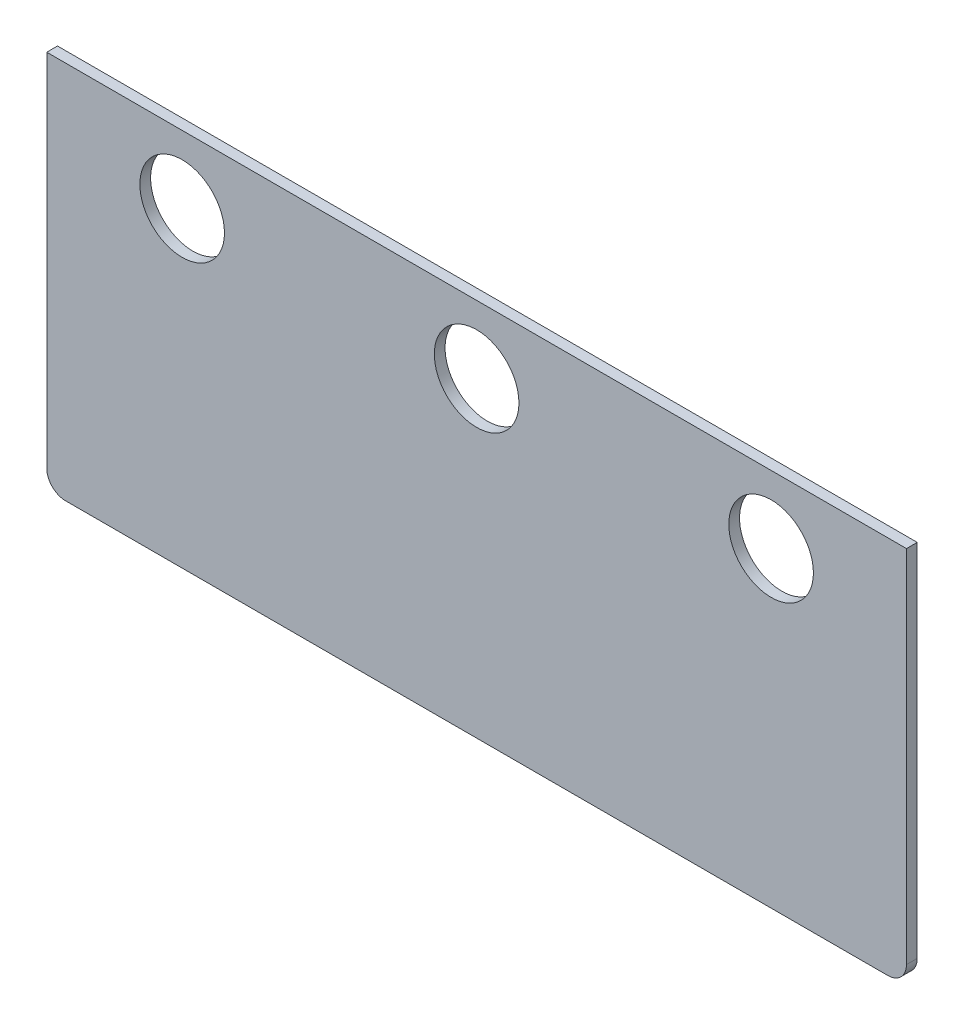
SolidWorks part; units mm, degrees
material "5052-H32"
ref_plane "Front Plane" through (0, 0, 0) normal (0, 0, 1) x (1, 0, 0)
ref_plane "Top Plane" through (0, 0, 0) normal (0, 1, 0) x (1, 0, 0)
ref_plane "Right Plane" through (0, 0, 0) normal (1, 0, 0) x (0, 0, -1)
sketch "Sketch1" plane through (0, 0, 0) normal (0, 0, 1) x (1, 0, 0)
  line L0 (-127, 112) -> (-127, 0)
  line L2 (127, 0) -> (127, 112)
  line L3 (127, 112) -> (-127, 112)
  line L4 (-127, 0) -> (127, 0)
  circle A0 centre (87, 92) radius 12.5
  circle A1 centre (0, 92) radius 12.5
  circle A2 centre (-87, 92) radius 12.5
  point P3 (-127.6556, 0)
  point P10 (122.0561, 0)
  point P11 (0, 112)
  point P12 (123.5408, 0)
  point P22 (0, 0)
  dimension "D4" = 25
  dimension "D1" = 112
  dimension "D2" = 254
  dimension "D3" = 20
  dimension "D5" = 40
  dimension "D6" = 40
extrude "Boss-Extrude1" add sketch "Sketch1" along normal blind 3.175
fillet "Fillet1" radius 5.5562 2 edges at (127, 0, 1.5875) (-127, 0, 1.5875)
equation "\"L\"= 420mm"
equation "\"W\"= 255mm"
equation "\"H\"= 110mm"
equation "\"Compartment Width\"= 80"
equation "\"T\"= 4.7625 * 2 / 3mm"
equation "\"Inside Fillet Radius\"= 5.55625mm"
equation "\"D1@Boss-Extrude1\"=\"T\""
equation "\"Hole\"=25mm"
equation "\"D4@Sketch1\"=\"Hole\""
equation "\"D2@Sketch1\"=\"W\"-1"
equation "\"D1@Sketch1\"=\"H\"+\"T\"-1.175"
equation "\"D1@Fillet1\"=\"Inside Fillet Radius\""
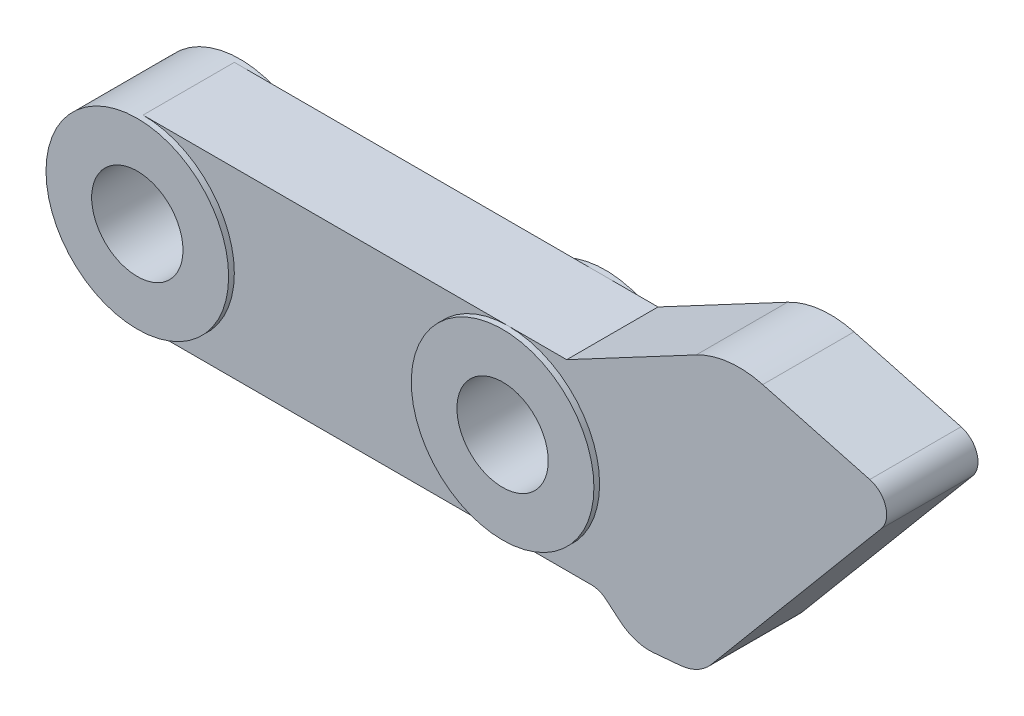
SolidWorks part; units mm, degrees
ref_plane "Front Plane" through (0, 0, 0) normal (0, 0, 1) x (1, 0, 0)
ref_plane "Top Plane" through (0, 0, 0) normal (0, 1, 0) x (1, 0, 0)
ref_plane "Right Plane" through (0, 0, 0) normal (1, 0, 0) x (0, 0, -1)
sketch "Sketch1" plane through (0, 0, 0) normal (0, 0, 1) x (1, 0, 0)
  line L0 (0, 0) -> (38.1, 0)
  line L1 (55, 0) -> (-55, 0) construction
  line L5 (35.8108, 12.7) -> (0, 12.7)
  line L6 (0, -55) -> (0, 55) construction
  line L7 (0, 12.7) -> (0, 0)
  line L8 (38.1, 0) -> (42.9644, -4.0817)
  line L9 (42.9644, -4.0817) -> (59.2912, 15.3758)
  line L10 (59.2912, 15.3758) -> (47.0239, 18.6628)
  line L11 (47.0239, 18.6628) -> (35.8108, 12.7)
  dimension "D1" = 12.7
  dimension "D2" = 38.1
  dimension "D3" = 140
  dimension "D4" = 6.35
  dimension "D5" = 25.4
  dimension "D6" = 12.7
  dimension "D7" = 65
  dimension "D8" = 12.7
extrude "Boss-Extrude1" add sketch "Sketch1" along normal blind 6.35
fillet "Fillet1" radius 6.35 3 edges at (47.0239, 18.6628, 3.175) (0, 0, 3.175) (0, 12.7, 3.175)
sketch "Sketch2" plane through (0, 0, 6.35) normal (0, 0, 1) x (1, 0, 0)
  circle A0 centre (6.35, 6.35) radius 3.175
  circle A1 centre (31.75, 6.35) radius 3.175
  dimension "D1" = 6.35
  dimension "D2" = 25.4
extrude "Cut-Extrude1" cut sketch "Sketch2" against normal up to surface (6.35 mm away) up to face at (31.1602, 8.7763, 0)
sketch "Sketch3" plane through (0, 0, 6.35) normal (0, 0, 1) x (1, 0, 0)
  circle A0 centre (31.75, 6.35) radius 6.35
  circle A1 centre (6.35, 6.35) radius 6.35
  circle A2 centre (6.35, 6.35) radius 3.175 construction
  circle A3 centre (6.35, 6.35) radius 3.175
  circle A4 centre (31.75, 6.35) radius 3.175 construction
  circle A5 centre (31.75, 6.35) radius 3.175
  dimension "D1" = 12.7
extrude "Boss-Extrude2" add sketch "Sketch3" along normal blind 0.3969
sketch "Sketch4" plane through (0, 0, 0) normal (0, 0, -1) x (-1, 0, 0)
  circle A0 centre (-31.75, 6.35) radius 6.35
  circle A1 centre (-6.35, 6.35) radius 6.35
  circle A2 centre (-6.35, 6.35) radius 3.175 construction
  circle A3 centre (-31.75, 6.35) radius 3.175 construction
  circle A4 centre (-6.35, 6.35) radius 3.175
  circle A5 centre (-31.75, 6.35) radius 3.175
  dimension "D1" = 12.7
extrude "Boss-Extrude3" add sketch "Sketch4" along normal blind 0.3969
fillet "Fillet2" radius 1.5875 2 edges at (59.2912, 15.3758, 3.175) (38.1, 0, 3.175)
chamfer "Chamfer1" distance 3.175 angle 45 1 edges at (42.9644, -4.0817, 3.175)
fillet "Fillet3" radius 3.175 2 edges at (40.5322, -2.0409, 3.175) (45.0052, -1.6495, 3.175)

» **Activity**
Retype each record exactly as it stands, but do not include the pictures.

» **Completed exercise**
SolidWorks part; units mm, degrees
material "5052-H32"
ref_plane "Front Plane" through (0, 0, 0) normal (0, 0, 1) x (1, 0, 0)
ref_plane "Top Plane" through (0, 0, 0) normal (0, 1, 0) x (1, 0, 0)
ref_plane "Right Plane" through (0, 0, 0) normal (1, 0, 0) x (0, 0, -1)
sketch "Sketch1" plane through (0, 0, 0) normal (0, 0, 1) x (1, 0, 0)
  line L0 (-127, 112) -> (-127, 0)
  line L2 (127, 0) -> (127, 112)
  line L3 (127, 112) -> (-127, 112)
  line L4 (-127, 0) -> (127, 0)
  circle A0 centre (87, 92) radius 12.5
  circle A1 centre (0, 92) radius 12.5
  circle A2 centre (-87, 92) radius 12.5
  point P3 (-127.6556, 0)
  point P10 (122.0561, 0)
  point P11 (0, 112)
  point P12 (123.5408, 0)
  point P22 (0, 0)
  dimension "D4" = 25
  dimension "D1" = 112
  dimension "D2" = 254
  dimension "D3" = 20
  dimension "D5" = 40
  dimension "D6" = 40
extrude "Boss-Extrude1" add sketch "Sketch1" along normal blind 3.175
fillet "Fillet1" radius 5.5562 2 edges at (127, 0, 1.5875) (-127, 0, 1.5875)
equation "\"L\"= 420mm"
equation "\"W\"= 255mm"
equation "\"H\"= 110mm"
equation "\"Compartment Width\"= 80"
equation "\"T\"= 4.7625 * 2 / 3mm"
equation "\"Inside Fillet Radius\"= 5.55625mm"
equation "\"D1@Boss-Extrude1\"=\"T\""
equation "\"Hole\"=25mm"
equation "\"D4@Sketch1\"=\"Hole\""
equation "\"D2@Sketch1\"=\"W\"-1"
equation "\"D1@Sketch1\"=\"H\"+\"T\"-1.175"
equation "\"D1@Fillet1\"=\"Inside Fillet Radius\""
SolidWorks part; units mm, degrees
ref_plane "Front Plane" through (0, 0, 0) normal (0, 0, 1) x (1, 0, 0)
ref_plane "Top Plane" through (0, 0, 0) normal (0, 1, 0) x (1, 0, 0)
ref_plane "Right Plane" through (0, 0, 0) normal (1, 0, 0) x (0, 0, -1)
sketch "Sketch1" plane through (0, 0, 0) normal (0, 0, 1) x (1, 0, 0)
  line L0 (0, 0) -> (38.1, 0)
  line L1 (55, 0) -> (-55, 0) construction
  line L5 (35.8108, 12.7) -> (0, 12.7)
  line L6 (0, -55) -> (0, 55) construction
  line L7 (0, 12.7) -> (0, 0)
  line L8 (38.1, 0) -> (42.9644, -4.0817)
  line L9 (42.9644, -4.0817) -> (59.2912, 15.3758)
  line L10 (59.2912, 15.3758) -> (47.0239, 18.6628)
  line L11 (47.0239, 18.6628) -> (35.8108, 12.7)
  dimension "D1" = 12.7
  dimension "D2" = 38.1
  dimension "D3" = 140
  dimension "D4" = 6.35
  dimension "D5" = 25.4
  dimension "D6" = 12.7
  dimension "D7" = 65
  dimension "D8" = 12.7
extrude "Boss-Extrude1" add sketch "Sketch1" along normal blind 6.35
fillet "Fillet1" radius 6.35 3 edges at (47.0239, 18.6628, 3.175) (0, 0, 3.175) (0, 12.7, 3.175)
sketch "Sketch2" plane through (0, 0, 6.35) normal (0, 0, 1) x (1, 0, 0)
  circle A0 centre (6.35, 6.35) radius 3.175
  circle A1 centre (31.75, 6.35) radius 3.175
  dimension "D1" = 6.35
  dimension "D2" = 25.4
extrude "Cut-Extrude1" cut sketch "Sketch2" against normal up to surface (6.35 mm away) up to face at (31.1602, 8.7763, 0)
sketch "Sketch3" plane through (0, 0, 6.35) normal (0, 0, 1) x (1, 0, 0)
  circle A0 centre (31.75, 6.35) radius 6.35
  circle A1 centre (6.35, 6.35) radius 6.35
  circle A2 centre (6.35, 6.35) radius 3.175 construction
  circle A3 centre (6.35, 6.35) radius 3.175
  circle A4 centre (31.75, 6.35) radius 3.175 construction
  circle A5 centre (31.75, 6.35) radius 3.175
  dimension "D1" = 12.7
extrude "Boss-Extrude2" add sketch "Sketch3" along normal blind 0.3969
sketch "Sketch4" plane through (0, 0, 0) normal (0, 0, -1) x (-1, 0, 0)
  circle A0 centre (-31.75, 6.35) radius 6.35
  circle A1 centre (-6.35, 6.35) radius 6.35
  circle A2 centre (-6.35, 6.35) radius 3.175 construction
  circle A3 centre (-31.75, 6.35) radius 3.175 construction
  circle A4 centre (-6.35, 6.35) radius 3.175
  circle A5 centre (-31.75, 6.35) radius 3.175
  dimension "D1" = 12.7
extrude "Boss-Extrude3" add sketch "Sketch4" along normal blind 0.3969
fillet "Fillet2" radius 1.5875 2 edges at (59.2912, 15.3758, 3.175) (38.1, 0, 3.175)
chamfer "Chamfer1" distance 3.175 angle 45 1 edges at (42.9644, -4.0817, 3.175)
fillet "Fillet3" radius 3.175 2 edges at (40.5322, -2.0409, 3.175) (45.0052, -1.6495, 3.175)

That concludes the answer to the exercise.